### REQUIREMENT
Whenever "RigidBodyDynamics" appears in a line, please copy that line from the data.

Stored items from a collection
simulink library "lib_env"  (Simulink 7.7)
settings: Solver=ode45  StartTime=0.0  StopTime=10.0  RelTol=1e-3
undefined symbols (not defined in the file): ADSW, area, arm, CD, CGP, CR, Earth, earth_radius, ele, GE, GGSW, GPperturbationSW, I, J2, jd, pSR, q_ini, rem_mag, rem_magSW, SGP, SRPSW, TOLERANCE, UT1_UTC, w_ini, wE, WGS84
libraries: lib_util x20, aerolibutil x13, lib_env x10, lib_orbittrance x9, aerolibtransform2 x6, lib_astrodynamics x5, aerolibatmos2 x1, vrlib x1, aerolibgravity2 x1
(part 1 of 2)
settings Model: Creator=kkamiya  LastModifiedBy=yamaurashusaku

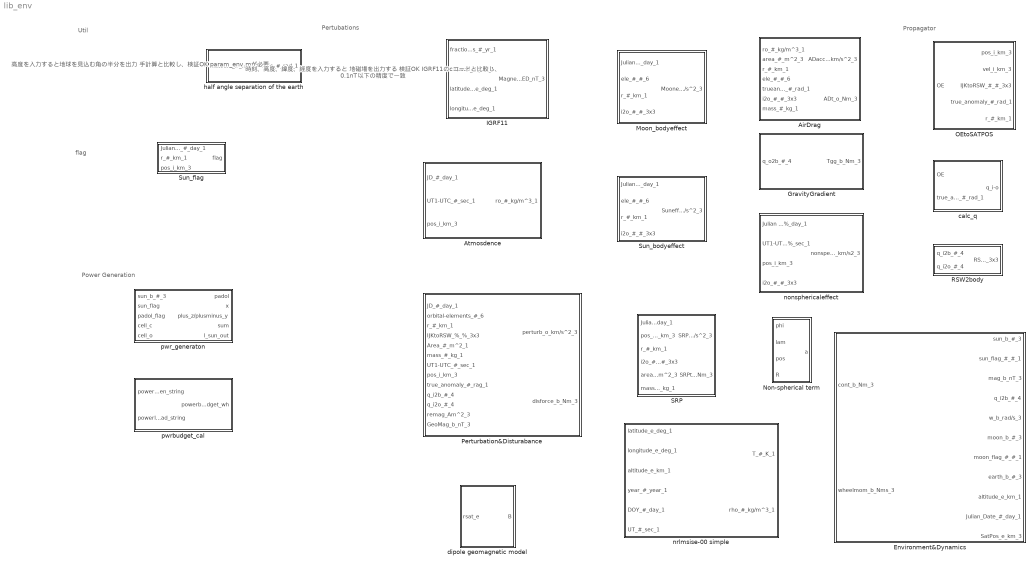
== system lib_env ==
  note: 高度を入力すると地球を見込む角の半分を出力
      | 手計算と比較し、検証OK
      | param_env.mが必要
  note: 時刻、高度、緯度、経度を入力すると
      | 地磁場を出力する
      | 検証OK
      | IGRF11のcコードと比較し、
      | 0.1nT以下の精度で一致
  note: Pertubations
  note: Util
  note: Propagator
  note: flag
  note: Power Generation
  AirDrag : Subsystem
  Atmosdence : Subsystem
  Environment&Dynamics : Subsystem
  GravityGradient : Subsystem
  IGRF11 : Subsystem
  Moon_bodyeffect : Subsystem
  Non-spherical term : Stateflow chart  TreatAsAtomicUnit=on
  OEtoSATPOS : Subsystem
  Perturbation&Disturabance : Subsystem
  RSW2body : Subsystem
  SRP : Subsystem
  Sun_bodyeffect : Subsystem
  Sun_flag : Subsystem
  calc_q : Subsystem
  dipole geomagnetic model : Stateflow chart  TreatAsAtomicUnit=on
  half angle separation of the earth : Subsystem
  nonsphericaleffect : Subsystem
  nrlmsise-00 simple : Subsystem
  pwr_generaton : Subsystem
  pwrbudget_cal : Subsystem

== system lib_env/AirDrag ==
  note: CD=2.2; arm=0.05cm
  ro_#_kg/m^3_1 : Inport
  area_#_m^2_3 : Inport  Port=2
  r_#_km_1 : Inport  Port=3
  ele_#_#_6 : Inport  Port=4
  trueanomaly_#_rad_1 : Inport  Port=5
  i2o_#_#_3x3 : Inport  Port=6
  mass_#_kg_1 : Inport  Port=7
  calc_AD : Stateflow chart  TreatAsAtomicUnit=on
  ADacc_o_km/s^2_3 : Outport
  ADt_o_Nm_3 : Outport  Port=2
  wires:
  calc_AD/1(AD_acc) -> ADacc_o_km/s^2_3/1
  calc_AD/2(AD_t) -> ADt_o_Nm_3/1
  ro_#_kg/m^3_1/1 -> calc_AD/1(ro)
  area_#_m^2_3/1 -> calc_AD/2(area)
  r_#_km_1/1 -> calc_AD/3(r)
  ele_#_#_6/1 -> calc_AD/4(ele)
  trueanomaly_#_rad_1/1 -> calc_AD/5(th)
  i2o_#_#_3x3/1 -> calc_AD/6(R)
  mass_#_kg_1/1 -> calc_AD/7(mass)

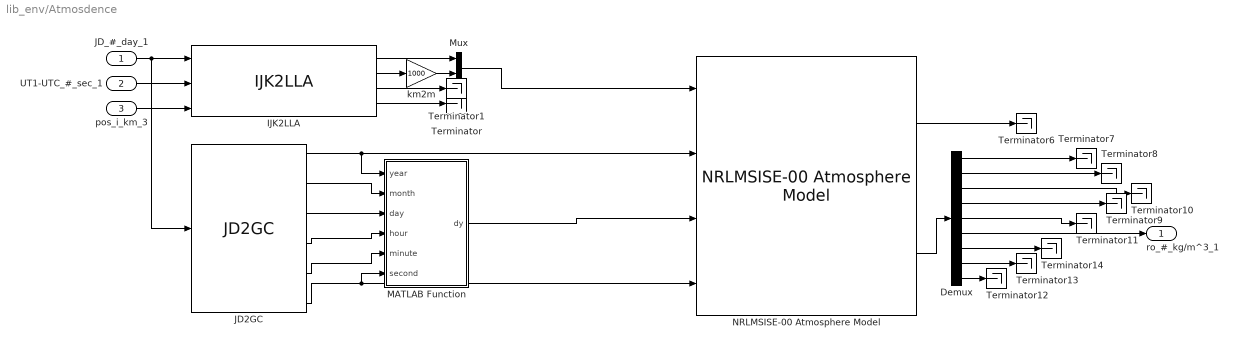
== system lib_env/Atmosdence ==
  JD_#_day_1 : Inport
  UT1-UTC_#_sec_1 : Inport  Port=2
  pos_i_km_3 : Inport  Port=3
  Demux : Demux  Outputs=9
  IJK2LLA : lib_orbittrance/IJK2LLA
  JD2GC : lib_util/JD2GC
  MATLAB Function : Stateflow chart  TreatAsAtomicUnit=on
  Mux : Mux  Inputs=2
  NRLMSISE-00 Atmosphere Model : aerolibatmos2/NRLMSISE-00 Atmosphere Model  units=Metric (MKS)  lst_input=off  flux_ap_input=off  flags_input=Internal  flags=ones(1,23)  oxygen_in=off  action=Warning
  Terminator{,1,6..14} (11 alike) : Terminator
  km2m : Gain  Gain=1000
  ro_#_kg/m^3_1 : Outport
  wires:
  IJK2LLA/1 -> Mux/1
  IJK2LLA/2 -> km2m/1
  km2m/1 -> Mux/2
  Mux/1 -> NRLMSISE-00 Atmosphere Model/1
  JD2GC/1 -> NRLMSISE-00 Atmosphere Model/2, MATLAB Function/1(year)
  JD2GC/6 -> NRLMSISE-00 Atmosphere Model/4, MATLAB Function/6(second)
  IJK2LLA/4 -> Terminator/1
  IJK2LLA/3 -> Terminator1/1
  JD2GC/2 -> MATLAB Function/2(month)
  JD2GC/3 -> MATLAB Function/3(day)
  JD2GC/4 -> MATLAB Function/4(hour)
  JD2GC/5 -> MATLAB Function/5(minute)
  JD_#_day_1/1 -> IJK2LLA/1, JD2GC/1
  UT1-UTC_#_sec_1/1 -> IJK2LLA/2
  pos_i_km_3/1 -> IJK2LLA/3
  NRLMSISE-00 Atmosphere Model/1 -> Terminator6/1
  NRLMSISE-00 Atmosphere Model/2 -> Demux/1
  Demux/6 -> ro_#_kg/m^3_1/1
  Demux/1 -> Terminator7/1
  Demux/2 -> Terminator8/1
  Demux/4 -> Terminator9/1
  Demux/3 -> Terminator10/1
  Demux/5 -> Terminator11/1
  Demux/9 -> Terminator12/1
  Demux/8 -> Terminator13/1
  Demux/7 -> Terminator14/1
  MATLAB Function/1(dy) -> NRLMSISE-00 Atmosphere Model/3

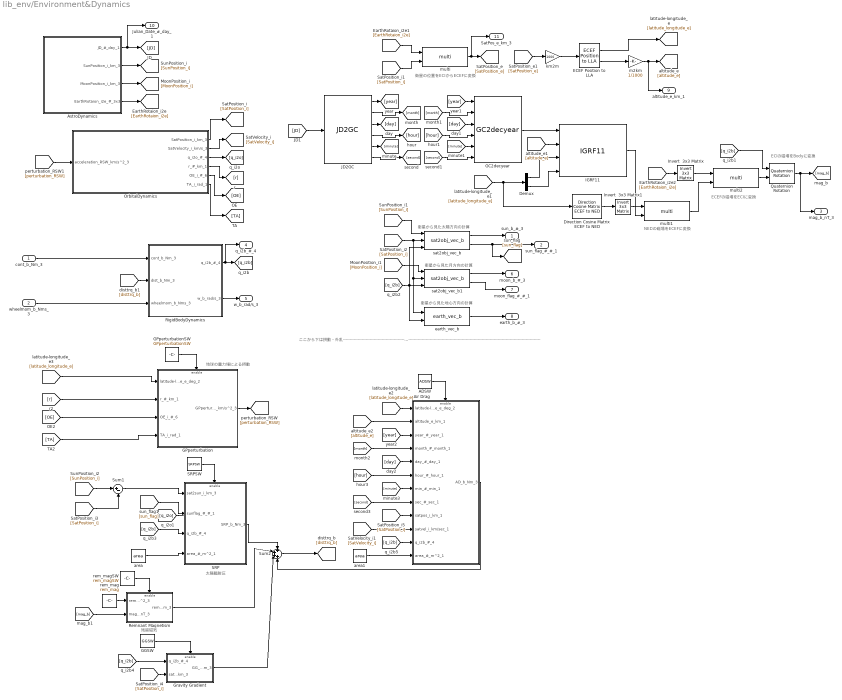
== system lib_env/Environment&Dynamics ==
  note: 残留磁気
  note: 太陽輻射圧
  note: 地球の重力場による摂動
  note: 衛星から見た地心方向の計算
  note: 衛星から見た月方向の計算
  note: 衛星から見た太陽方向の計算
  note: ECIの磁場をBodyに変換
  note: ECEFの磁場をECIに変換
  note: NEDの磁場をECEFに変換
  note: 衛星の位置をECIからECEFに変換
  note: ここから下は摂動・外乱-------------------------------------------------------------------------------------------------------------------------------------------------------------------------------------------------------------------------------------------------------------------------------------------------------------------------------------------------------
  cont_b_Nm_3 : Inport
  wheelmom_b_Nms_3 : Inport  Port=2
  ADSW : Constant  Value=ADSW
  Air Drag : Subsystem
  AstroDynamics : Subsystem
  Demux : Demux  Outputs=2
  Direction Cosine Matrix ECEF to NED : aerolibtransform2/Direction Cosine Matrix ECEF to NED  SystemSampleTime=-1
  ECEF Position to LLA : aerolibtransform2/ECEF Position to LLA  SystemSampleTime=-1  units=Metric (MKS)  ptype=Earth (WGS84)  F=1/298.257223563  R=6378137
  GC2decyear : lib_util/GC2decyear  SystemSampleTime=-1
  GGSW : Constant  Value=GGSW
  GPperturbation : Subsystem
  GPperturbationSW : Constant  Value=GPperturbationSW
  Gravity Gradient : Subsystem
  IGRF11 : lib_env/IGRF11  SystemSampleTime=-1
  Invert  3x3 Matrix : aerolibutil/Invert  3x3 Matrix  SystemSampleTime=-1
  Invert  3x3 Matrix1 : aerolibutil/Invert  3x3 Matrix  SystemSampleTime=-1
  JD2GC : lib_util/JD2GC  SystemSampleTime=-1
  OrbitalDynamics : Subsystem
  Quaternion Rotation : aerolibutil/Quaternion Rotation  SystemSampleTime=-1
  Remnant Magnetism : Subsystem
  RigidBodyDynamics : Subsystem
  SRP : Subsystem
  SRPSW : Constant  Value=SRPSW
  Sum1 : Sum  Inputs=|+-
  Sum2 : Sum  Inputs=++++
  area : Constant  Value=area
  area1 : Constant  Value=area
  earth_vec_b : lib_orbittrance/earth_vec_b  SystemSampleTime=-1
  km2m : Gain  Gain=1000
  m2km : Gain  Gain=1/1000
  multi : lib_util/multi  SystemSampleTime=-1
  multi1 : lib_util/multi  SystemSampleTime=-1
  multi2 : lib_util/multi  SystemSampleTime=-1
  rem_mag : Constant  Value=rem_mag
  rem_magSW : Constant  Value=rem_magSW
  sat2obj_vec_b : lib_orbittrance/sat2obj_vec_b  SystemSampleTime=-1
  sat2obj_vec_b1 : lib_orbittrance/sat2obj_vec_b  SystemSampleTime=-1
  sun_b_#_3 : Outport
  sun_flag_#_#_1 : Outport  Port=2
  mag_b_nT_3 : Outport  Port=3
  q_i2b_#_4 : Outport  Port=4
  w_b_rad/s_3 : Outport  Port=5
  moon_b_#_3 : Outport  Port=6
  moon_flag_#_#_1 : Outport  Port=7
  earth_b_#_3 : Outport  Port=8
  altitude_e_km_1 : Outport  Port=9
  Julian_Date_#_day_1 : Outport  Port=10
  SatPos_e_km_3 : Outport  Port=11
  wires:
  RigidBodyDynamics/2(w_b_rad/s_3) -> w_b_rad/s_3/1
  earth_vec_b/1 -> earth_b_#_3/1
  sat2obj_vec_b1/2 -> moon_flag_#_#_1/1
  sat2obj_vec_b1/1 -> moon_b_#_3/1
  sat2obj_vec_b/1 -> sun_b_#_3/1
  Air Drag/1(AD_b_Nm_3) -> Sum2/4
  ADSW/1 -> Air Drag/Enable
  [year] -> Air Drag/3(year_#_year_1)
  [q_i2b] -> Air Drag/11(q_i2b_#_4)
  area1/1 -> Air Drag/12(area_#_m^2_1)
  [SatVelocity_i] -> Air Drag/10(satvel_i_km/sec_1)
  [SatPosition_i] -> Air Drag/9(satpos_i_km_1)
  [second] -> Air Drag/8(sec_#_sec_1)
  [minute] -> Air Drag/7(min_#_min_1)
  [hour] -> Air Drag/6(hour_#_hour_1)
  [day] -> Air Drag/5(day_#_day_1)
  [month] -> Air Drag/4(month_#_month_1)
  [altitude_e] -> Air Drag/2(altitude_e_km_1)
  [latitude_longitude_e] -> Air Drag/1(latitude-longitude_e_deg_2)
  GGSW/1 -> Gravity Gradient/Enable
  [SatPosition_i] -> Gravity Gradient/2(satpos_i_km_3)
  [q_i2b] -> Gravity Gradient/1(q_i2b_#_4)
  SRP/1(SRP_b_Nm_3) -> Sum2/1
  [disttrq_b] -> RigidBodyDynamics/2(dist_b_Nm_3)
  Sum2/1 -> [disttrq_b]
  rem_magSW/1 -> Remnant Magnetism/Enable
  [mag_b] -> Remnant Magnetism/2(mag_b_nT_3)
  rem_mag/1 -> Remnant Magnetism/1(remmag_b_Am^2_3)
  SRPSW/1 -> SRP/Enable
  [SunPosition_i] -> Sum1/1
  [SatPosition_i] -> Sum1/2
  [q_i2b] -> SRP/3(q_i2b_#_4)
  [q_i2o] -> ?
  area/1 -> SRP/4(area_#_m^2_1)
  [sun_flag] -> SRP/2(sunflag_#_#_1)
  Sum1/1 -> SRP/1(sat2sun_i_km_3)
  sat2obj_vec_b/2 -> sun_flag_#_#_1/1, [sun_flag]
  [second] -> GC2decyear/6
  [minute] -> GC2decyear/5
  [hour] -> GC2decyear/4
  [day] -> GC2decyear/3
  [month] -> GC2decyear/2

### TASK SOLUTION
  RigidBodyDynamics : Subsystem
  RigidBodyDynamics/2(w_b_rad/s_3) -> w_b_rad/s_3/1
  [disttrq_b] -> RigidBodyDynamics/2(dist_b_Nm_3)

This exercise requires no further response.